*Directions*.
In the material below, how many lines contain "SUBTRACT"? Answer with the number alone.
──────── Source records ────────
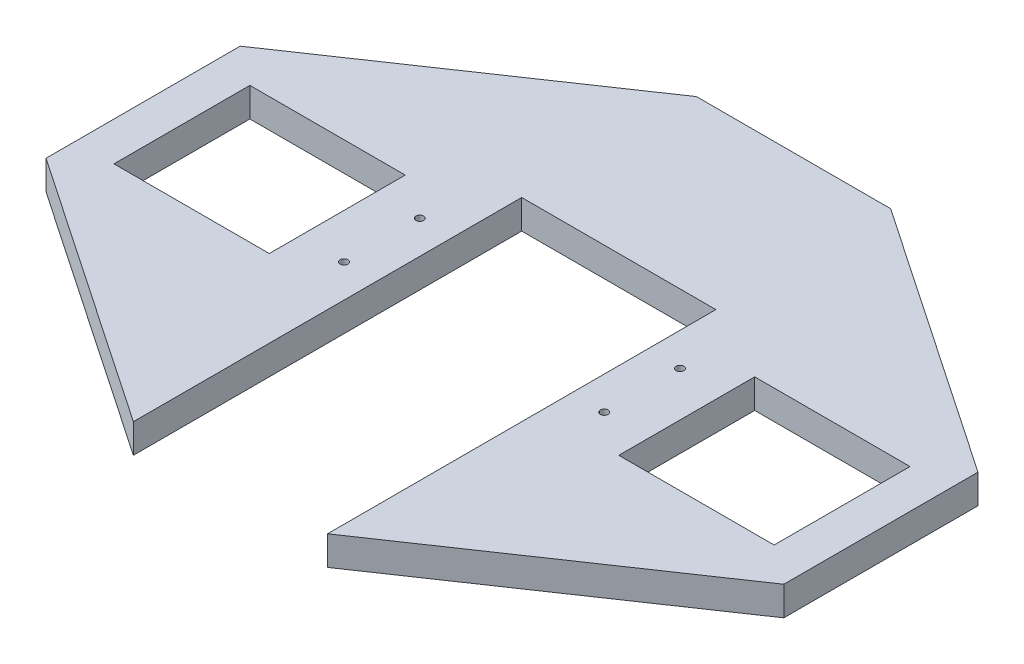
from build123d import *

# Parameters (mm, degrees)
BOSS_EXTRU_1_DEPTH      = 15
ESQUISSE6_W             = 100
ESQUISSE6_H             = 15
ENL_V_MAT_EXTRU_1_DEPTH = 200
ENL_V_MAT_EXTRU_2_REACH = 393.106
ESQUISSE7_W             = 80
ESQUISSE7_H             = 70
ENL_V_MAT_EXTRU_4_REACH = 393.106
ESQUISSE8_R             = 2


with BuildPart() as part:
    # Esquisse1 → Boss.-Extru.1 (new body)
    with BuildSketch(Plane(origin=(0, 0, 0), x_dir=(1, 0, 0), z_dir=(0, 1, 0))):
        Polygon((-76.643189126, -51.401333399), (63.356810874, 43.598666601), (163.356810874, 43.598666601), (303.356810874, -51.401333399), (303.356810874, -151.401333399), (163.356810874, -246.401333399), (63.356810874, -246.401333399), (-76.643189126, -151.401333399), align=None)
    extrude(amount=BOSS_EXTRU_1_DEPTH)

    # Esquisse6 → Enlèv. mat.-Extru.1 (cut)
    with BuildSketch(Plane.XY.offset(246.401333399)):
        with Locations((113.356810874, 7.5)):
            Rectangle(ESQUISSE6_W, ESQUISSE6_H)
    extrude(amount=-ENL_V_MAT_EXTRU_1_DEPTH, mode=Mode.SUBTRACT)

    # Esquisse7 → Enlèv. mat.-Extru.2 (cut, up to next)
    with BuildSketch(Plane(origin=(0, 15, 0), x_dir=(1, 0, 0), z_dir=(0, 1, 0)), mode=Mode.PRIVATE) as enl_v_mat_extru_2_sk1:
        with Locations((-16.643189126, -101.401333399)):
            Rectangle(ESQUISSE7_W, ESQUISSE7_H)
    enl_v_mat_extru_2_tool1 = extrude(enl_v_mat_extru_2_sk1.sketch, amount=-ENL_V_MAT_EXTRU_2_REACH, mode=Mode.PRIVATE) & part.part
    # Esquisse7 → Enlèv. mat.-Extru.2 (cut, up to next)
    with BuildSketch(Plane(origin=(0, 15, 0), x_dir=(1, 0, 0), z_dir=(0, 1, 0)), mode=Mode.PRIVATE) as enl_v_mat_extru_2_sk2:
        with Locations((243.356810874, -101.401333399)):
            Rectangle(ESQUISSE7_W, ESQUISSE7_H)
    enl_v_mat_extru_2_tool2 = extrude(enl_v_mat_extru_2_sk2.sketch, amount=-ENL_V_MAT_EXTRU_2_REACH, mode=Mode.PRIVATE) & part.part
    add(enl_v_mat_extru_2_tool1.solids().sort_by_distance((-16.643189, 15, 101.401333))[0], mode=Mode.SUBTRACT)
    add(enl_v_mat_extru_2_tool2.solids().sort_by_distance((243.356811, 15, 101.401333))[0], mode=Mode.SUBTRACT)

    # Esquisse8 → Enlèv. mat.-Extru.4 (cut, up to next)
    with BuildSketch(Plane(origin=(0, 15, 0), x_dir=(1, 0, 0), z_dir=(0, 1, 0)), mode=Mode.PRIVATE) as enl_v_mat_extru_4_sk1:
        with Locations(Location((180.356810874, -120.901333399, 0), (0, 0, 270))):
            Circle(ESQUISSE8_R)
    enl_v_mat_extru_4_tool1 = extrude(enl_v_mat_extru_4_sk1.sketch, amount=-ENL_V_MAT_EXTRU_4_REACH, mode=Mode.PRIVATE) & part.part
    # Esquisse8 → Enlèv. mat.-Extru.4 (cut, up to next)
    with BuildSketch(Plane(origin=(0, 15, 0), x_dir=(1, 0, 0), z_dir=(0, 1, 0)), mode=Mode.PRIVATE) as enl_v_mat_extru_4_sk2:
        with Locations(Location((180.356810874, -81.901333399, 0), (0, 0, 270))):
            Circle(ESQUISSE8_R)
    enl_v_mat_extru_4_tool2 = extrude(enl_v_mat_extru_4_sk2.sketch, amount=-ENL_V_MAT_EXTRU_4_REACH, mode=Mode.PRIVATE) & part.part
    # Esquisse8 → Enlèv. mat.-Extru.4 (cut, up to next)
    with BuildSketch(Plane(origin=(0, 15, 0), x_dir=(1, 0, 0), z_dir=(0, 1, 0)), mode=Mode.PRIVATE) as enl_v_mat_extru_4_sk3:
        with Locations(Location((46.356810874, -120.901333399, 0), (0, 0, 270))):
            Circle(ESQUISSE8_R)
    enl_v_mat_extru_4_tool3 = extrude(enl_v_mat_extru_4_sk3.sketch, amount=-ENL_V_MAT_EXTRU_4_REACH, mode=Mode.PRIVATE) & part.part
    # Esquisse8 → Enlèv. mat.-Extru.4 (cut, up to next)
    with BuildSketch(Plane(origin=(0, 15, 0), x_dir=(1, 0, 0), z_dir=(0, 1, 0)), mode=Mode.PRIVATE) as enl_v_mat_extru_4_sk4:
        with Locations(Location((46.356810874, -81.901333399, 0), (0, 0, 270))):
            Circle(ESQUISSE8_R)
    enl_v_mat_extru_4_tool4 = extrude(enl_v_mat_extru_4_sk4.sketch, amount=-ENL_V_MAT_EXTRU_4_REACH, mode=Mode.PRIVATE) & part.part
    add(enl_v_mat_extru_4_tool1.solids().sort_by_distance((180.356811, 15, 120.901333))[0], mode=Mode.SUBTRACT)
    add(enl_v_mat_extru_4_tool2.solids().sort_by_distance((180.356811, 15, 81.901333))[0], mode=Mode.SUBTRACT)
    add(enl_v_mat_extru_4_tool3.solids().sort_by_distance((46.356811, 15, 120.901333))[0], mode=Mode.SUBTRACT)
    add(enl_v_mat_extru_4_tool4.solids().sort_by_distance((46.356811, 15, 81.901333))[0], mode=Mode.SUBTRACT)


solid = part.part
────────
*Exercise result*.
7